= Beginning of Section =

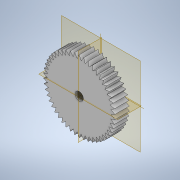
# Autodesk Inventor part: Zahnrad
Saved by Autodesk Inventor 2022 (Build 260153000, 153)
## iProperties
Created: 2022-05-06
Part Number: Zahnrad
Material: Generisch
Document SubType Name: Modeling
Designer: 123St
Density: 1 g/cm^3
Appearance: Vorgabe
Author: 123St
Autodesk Inventor part; units mm, degrees
sketch "Skizze1" plane through (0, 0, 0) normal (0, 0, 1) x (1, 0, 0)
  circle A0 centre (0, 0) radius 2.95
  circle A1 centre (0, 0) radius 5
  dimension "d0" = 5.9
  dimension "d1" = 10
  constraints: 2 centre point, 2 coincident
  measures "d0" diameter of A0
  measures "d1" diameter of A1
extrude "Extrusion1" add sketch "Skizze1" along normal blind 3
sketch "Skizze2" plane through (0, 0, 3) normal (0, 0, 1) x (1, 0, 0)
  circle A0 centre (0, 0) radius 15
  circle A1 centre (0, 0) radius 1.75
  dimension "d4" = 30
  dimension "d5" = 3.5
  constraints: 2 centre point, 2 coincident
  measures "d4" diameter of A0
  measures "d5" diameter of A1
extrude "Extrusion2" add sketch "Skizze2" along normal blind 6
sketch "Skizze3" plane through (0, 0, 9) normal (0, 0, 1) x (1, 0, 0)
  circle A0 centre (0, 0) radius 15 projected
  line L0 (0, 15) -> (-0.95, 13)
  line L1 (0, 15) -> (0.95, 13)
  line L2 (0, 21) -> (0, -21) projected
  line L3 (1.88, 14.8817) -> (0.6868, 13.0166)
  line L4 (1.88, 14.8817) -> (2.5718, 12.7784)
  line L5 (3.7303, 14.5287) -> (2.3128, 12.8278)
  line L6 (3.7303, 14.5287) -> (4.1531, 12.3553)
  line L7 (5.5219, 13.9466) -> (3.9023, 12.4368)
  line L8 (5.5219, 13.9466) -> (5.6689, 11.7374)
  line L9 (7.2263, 13.1446) -> (5.4303, 11.8497)
  line L10 (7.2263, 13.1446) -> (7.0953, 10.9343)
  line L11 (8.8168, 12.1353) -> (6.8726, 11.0756)
  line L12 (8.8168, 12.1353) -> (8.4098, 9.9588)
  line L13 (10.2682, 10.9345) -> (8.2066, 10.1269)
  line L14 (10.2682, 10.9345) -> (9.5916, 8.8263)
  line L15 (11.5577, 9.5614) -> (9.4111, 9.0185)
  line L16 (11.5577, 9.5614) -> (10.6222, 7.5545)
  line L17 (12.6649, 8.0374) -> (10.4672, 7.7679)
  line L18 (12.6649, 8.0374) -> (11.4853, 6.1636)
  line L19 (13.5724, 6.3867) -> (11.3583, 6.3947)
  line L20 (13.5724, 6.3867) -> (12.1672, 4.6755)
  line L21 (14.2658, 4.6353) -> (12.0702, 4.9207)
  line L22 (14.2658, 4.6353) -> (12.6573, 3.1137)
  line L23 (14.7343, 2.8107) -> (12.5917, 3.3691)
  line L24 (14.7343, 2.8107) -> (12.9477, 1.5028)
  line L25 (14.9704, 0.9419) -> (12.9147, 1.7644)
  line L26 (14.9704, 0.9419) -> (13.034, -0.1318)
  line L27 (14.9704, -0.9419) -> (13.034, 0.1318)
  line L28 (14.9704, -0.9419) -> (12.9147, -1.7644)
  line L29 (14.7343, -2.8107) -> (12.9477, -1.5028)
  line L30 (14.7343, -2.8107) -> (12.5917, -3.3691)
  line L31 (14.2658, -4.6353) -> (12.6573, -3.1137)
  line L32 (14.2658, -4.6353) -> (12.0702, -4.9207)
  line L33 (13.5724, -6.3867) -> (12.1672, -4.6755)
  line L34 (13.5724, -6.3867) -> (11.3583, -6.3947)
  line L35 (12.6649, -8.0374) -> (11.4853, -6.1636)
  line L36 (12.6649, -8.0374) -> (10.4672, -7.7679)
  line L37 (11.5577, -9.5614) -> (10.6222, -7.5545)
  line L38 (11.5577, -9.5614) -> (9.4111, -9.0185)
  line L39 (10.2682, -10.9345) -> (9.5916, -8.8263)
  line L40 (10.2682, -10.9345) -> (8.2066, -10.1269)
  line L41 (8.8168, -12.1353) -> (8.4098, -9.9588)
  line L42 (8.8168, -12.1353) -> (6.8726, -11.0756)
  line L43 (7.2263, -13.1446) -> (7.0953, -10.9343)
  line L44 (7.2263, -13.1446) -> (5.4303, -11.8497)
  line L45 (5.5219, -13.9466) -> (5.6689, -11.7374)
  line L46 (5.5219, -13.9466) -> (3.9023, -12.4368)
  line L47 (3.7303, -14.5287) -> (4.1531, -12.3553)
  line L48 (3.7303, -14.5287) -> (2.3128, -12.8278)
  line L49 (1.88, -14.8817) -> (2.5718, -12.7784)
  line L50 (1.88, -14.8817) -> (0.6868, -13.0166)
  line L51 (0, -15) -> (0.95, -13)
  line L52 (0, -15) -> (-0.95, -13)
  line L53 (-1.88, -14.8817) -> (-0.6868, -13.0166)
  line L54 (-1.88, -14.8817) -> (-2.5718, -12.7784)
  line L55 (-3.7303, -14.5287) -> (-2.3128, -12.8278)
  line L56 (-3.7303, -14.5287) -> (-4.1531, -12.3553)
  line L57 (-5.5219, -13.9466) -> (-3.9023, -12.4368)
  line L58 (-5.5219, -13.9466) -> (-5.6689, -11.7374)
  line L59 (-7.2263, -13.1446) -> (-5.4303, -11.8497)
  line L60 (-7.2263, -13.1446) -> (-7.0953, -10.9343)
  line L61 (-8.8168, -12.1353) -> (-6.8726, -11.0756)
  line L62 (-8.8168, -12.1353) -> (-8.4098, -9.9588)
  line L63 (-10.2682, -10.9345) -> (-8.2066, -10.1269)
  line L64 (-10.2682, -10.9345) -> (-9.5916, -8.8263)
  line L65 (-11.5577, -9.5614) -> (-9.4111, -9.0185)
  line L66 (-11.5577, -9.5614) -> (-10.6222, -7.5545)
  line L67 (-12.6649, -8.0374) -> (-10.4672, -7.7679)
  line L68 (-12.6649, -8.0374) -> (-11.4853, -6.1636)
  line L69 (-13.5724, -6.3867) -> (-11.3583, -6.3947)
  line L70 (-13.5724, -6.3867) -> (-12.1672, -4.6755)
  line L71 (-14.2658, -4.6353) -> (-12.0702, -4.9207)
  line L72 (-14.2658, -4.6353) -> (-12.6573, -3.1137)
  line L73 (-14.7343, -2.8107) -> (-12.5917, -3.3691)
  line L74 (-14.7343, -2.8107) -> (-12.9477, -1.5028)
  line L75 (-14.9704, -0.9419) -> (-12.9147, -1.7644)
  line L76 (-14.9704, -0.9419) -> (-13.034, 0.1318)
  line L77 (-14.9704, 0.9419) -> (-13.034, -0.1318)
  line L78 (-14.9704, 0.9419) -> (-12.9147, 1.7644)
  line L79 (-14.7343, 2.8107) -> (-12.9477, 1.5028)
  line L80 (-14.7343, 2.8107) -> (-12.5917, 3.3691)
  line L81 (-14.2658, 4.6353) -> (-12.6573, 3.1137)
  line L82 (-14.2658, 4.6353) -> (-12.0702, 4.9207)
  line L83 (-13.5724, 6.3867) -> (-12.1672, 4.6755)
  line L84 (-13.5724, 6.3867) -> (-11.3583, 6.3947)
  line L85 (-12.6649, 8.0374) -> (-11.4853, 6.1636)
  line L86 (-12.6649, 8.0374) -> (-10.4672, 7.7679)
  line L87 (-11.5577, 9.5614) -> (-10.6222, 7.5545)
  line L88 (-11.5577, 9.5614) -> (-9.4111, 9.0185)
  line L89 (-10.2682, 10.9345) -> (-9.5916, 8.8263)
  line L90 (-10.2682, 10.9345) -> (-8.2066, 10.1269)
  line L91 (-8.8168, 12.1353) -> (-8.4098, 9.9588)
  line L92 (-8.8168, 12.1353) -> (-6.8726, 11.0756)
  line L93 (-7.2263, 13.1446) -> (-7.0953, 10.9343)
  line L94 (-7.2263, 13.1446) -> (-5.4303, 11.8497)
  line L95 (-5.5219, 13.9466) -> (-5.6689, 11.7374)
  line L96 (-5.5219, 13.9466) -> (-3.9023, 12.4368)
  circle A1 centre (0, 0) radius 15
  line L97 (-3.7303, 14.5287) -> (-4.1531, 12.3553)
  line L98 (-3.7303, 14.5287) -> (-2.3128, 12.8278)
  line L99 (-1.88, 14.8817) -> (-2.5718, 12.7784)
  line L100 (-1.88, 14.8817) -> (-0.6868, 13.0166)
  point P0 (-4.1012, 12.6222)
  point P1 (-3.7303, 14.5287)
  point P2 (-3.7303, 14.5287)
  point P3 (-5.5219, 13.9466)
  point P4 (-5.6509, 12.0087)
  point P5 (-7.2263, 13.1446)
  point P6 (-7.2263, 13.1446)
  point P7 (-7.1114, 11.2057)
  point P8 (-8.4598, 10.2261)
  point P9 (-10.2682, 10.9345)
  point P10 (-10.2682, 10.9345)
  point P11 (-9.6747, 9.0852)
  point P12 (-11.5577, 9.5614)
  point P13 (-10.7371, 7.801)
  point P14 (-12.6649, 8.0374)
  point P15 (-12.6649, 8.0374)
  point P16 (-11.6302, 6.3937)
  point P17 (-12.3398, 4.8857)
  point P18 (-14.2658, 4.6353)
  point P19 (-12.8548, 3.3006)
  point P20 (-13.1671, 1.6634)
  point P21 (-14.9704, 0.9419)
  point P22 (-14.9704, 0.9419)
  point P23 (-13.2718, 0)
  point P24 (-14.9704, -0.9419)
  point P25 (-14.9704, -0.9419)
  point P26 (-13.1671, -1.6634)
  point P27 (-14.7343, -2.8107)
  point P28 (-14.7343, -2.8107)
  point P29 (-12.8548, -3.3006)
  point P30 (-14.2658, -4.6353)
  point P31 (-12.3398, -4.8857)
  point P32 (-13.5724, -6.3867)
  point P33 (-11.6302, -6.3937)
  point P34 (-12.6649, -8.0374)
  point P35 (-10.7371, -7.801)
  point P36 (-9.6747, -9.0852)
  point P37 (-10.2682, -10.9345)
  point P38 (-10.2682, -10.9345)
  point P39 (-8.4598, -10.2261)
  point P40 (-8.8168, -12.1353)
  point P41 (-7.1114, -11.2057)
  point P42 (-7.2263, -13.1446)
  point P43 (-7.2263, -13.1446)
  point P44 (-5.6509, -12.0087)
  point P45 (-5.5219, -13.9466)
  point P46 (-5.5219, -13.9466)
  point P47 (-4.1012, -12.6222)
  point P48 (-3.7303, -14.5287)
  point P49 (-2.4869, -13.0367)
  point P50 (-1.88, -14.8817)
  point P51 (-1.88, -14.8817)
  point P52 (-0.8333, -13.2456)
  point P53 (0, -15)
  point P54 (0, -15)
  point P55 (0.8333, -13.2456)
  point P56 (1.88, -14.8817)
  point P57 (1.88, -14.8817)
  point P58 (2.4869, -13.0367)
  point P59 (3.7303, -14.5287)
  point P60 (3.7303, -14.5287)
  point P61 (4.1012, -12.6222)
  point P62 (5.5219, -13.9466)
  point P63 (5.6509, -12.0087)
  point P64 (7.2263, -13.1446)
  point P65 (7.2263, -13.1446)
  point P66 (7.1114, -11.2057)
  point P67 (8.8168, -12.1353)
  point P68 (8.4598, -10.2261)
  point P69 (10.2682, -10.9345)
  point P70 (9.6747, -9.0852)
  point P71 (11.5577, -9.5614)
  point P72 (10.7371, -7.801)
  point P73 (12.6649, -8.0374)
  point P74 (11.6302, -6.3937)
  point P75 (13.5724, -6.3867)
  point P76 (12.3398, -4.8857)
  point P77 (14.2658, -4.6353)
  point P78 (12.8548, -3.3006)
  point P79 (14.7343, -2.8107)
  point P80 (14.7343, -2.8107)
  point P81 (13.1671, -1.6634)
  point P82 (14.9704, -0.9419)
  point P83 (14.9704, -0.9419)
  point P84 (13.2718, 0)
  point P85 (14.9704, 0.9419)
  point P86 (13.1671, 1.6634)
  point P87 (14.7343, 2.8107)
  point P88 (12.8548, 3.3006)
  point P89 (14.2658, 4.6353)
  point P90 (14.2658, 4.6353)
  point P91 (12.3398, 4.8857)
  point P92 (13.5724, 6.3867)
  point P93 (13.5724, 6.3867)
  point P94 (11.6302, 6.3937)
  point P95 (12.6649, 8.0374)
  point P96 (12.6649, 8.0374)
  point P97 (10.7371, 7.801)
  point P98 (11.5577, 9.5614)
  point P99 (9.6747, 9.0852)
  point P100 (10.2682, 10.9345)
  point P101 (10.2682, 10.9345)
  point P102 (8.4598, 10.2261)
  point P103 (7.1114, 11.2057)
  point P104 (7.2263, 13.1446)
  point P105 (7.2263, 13.1446)
  point P106 (5.6509, 12.0087)
  point P107 (5.5219, 13.9466)
  point P108 (5.5219, 13.9466)
  point P109 (4.1012, 12.6222)
  point P110 (3.7303, 14.5287)
  point P111 (3.7303, 14.5287)
  point P112 (2.4869, 13.0367)
  point P113 (1.88, 14.8817)
  point P114 (1.88, 14.8817)
  point P115 (0.8333, 13.2456)
  point P116 (-0.8366, 13.0314)
  point P117 (-2.4869, 13.0367)
  point P118 (-0.8333, 13.2456)
  dimension "d12" = 1.9
  dimension "d13" = 0.95
  dimension "d14" = 0
  dimension "d15" = 2
  dimension "d16" = 2
  dimension "d17" = 15
  dimension "d20" = 360
  constraints: 200 end point, 3 coincident, 1 centre point, 299 other
  measures "d12" distance of L0.end L1.end
  measures "d13" distance from line of L2 L1.end
  measures "d14" horizontal distance of point (0, 0) L0.start
  measures "d15" vertical distance of L0.end L0.start
  measures "d16" vertical distance of L0.start L1.end
  measures "d17" distance of point (0, 0) L0.start
extrude "Extrusion3" cut sketch "Skizze3" against normal blind 6 contours A0 L27 L26 | L25 L24 A0 | A0 L29 L28 | L23 L22 A0 | A0 L31 L30 | L21 L20 A0 | A0 L33 L32 | L19 L18 A0 | A0 L35 L34 | L17 L16 A0 | A0 L37 L36 | L15 L14 A0 | A0 L39 L38 | L13 L12 A0 | A0 L41 L40 | L11 L10 A0 | A0 L43 L42 | L9 L8 A0 | A0 L45 L44 | L7 L6 A0 | A0 L47 L46 | L5 L4 A0 | A0 L49 L48 | L3 L1 A0 | A0 L51 L50 | L0 L100 A0 | A0 L53 L52 | L99 L98 A0 | A0 L55 L54 | L97 L96 A0 | A0 L57 L56 | L95 L94 A0 | A0 L59 L58 | L93 L92 A0 | A0 L61 L60 | L91 L90 A0 | A0 L63 L62 | L89 L88 A0 | A0 L65 L64 | L87 L86 A0 | A0 L67 L66 | L85 L84 A0 | A0 L69 L68 | L83 L82 A0 | A0 L71 L70 | L81 L80 A0 | A0 L73 L72 | L79 L78 A0 | A0 L75 L74 | L77 L76 A0
fillet "Rundung1" [suppressed]
sketch "Skizze4" plane through (0, 0, 3) normal (0, 0, -1) x (-1, 0, 0)
  circle A0 centre (0, 0) radius 2.95
  constraints: 1 centre point, 1 coincident
extrude "Extrusion4" cut sketch "Skizze4" against normal blind 1
equation "\"d13\" = 0.5 * d12"

= End of Section =

Instructions to follow -
The range runs from the line above containing "point P6 (-7.2263, 13.1446)" to the line containing "point P13 (-10.7371, 7.801)", inclusive. Restate those lines word for word and no others.

Answer below -
  point P6 (-7.2263, 13.1446)
  point P7 (-7.1114, 11.2057)
  point P8 (-8.4598, 10.2261)
  point P9 (-10.2682, 10.9345)
  point P10 (-10.2682, 10.9345)
  point P11 (-9.6747, 9.0852)
  point P12 (-11.5577, 9.5614)
  point P13 (-10.7371, 7.801)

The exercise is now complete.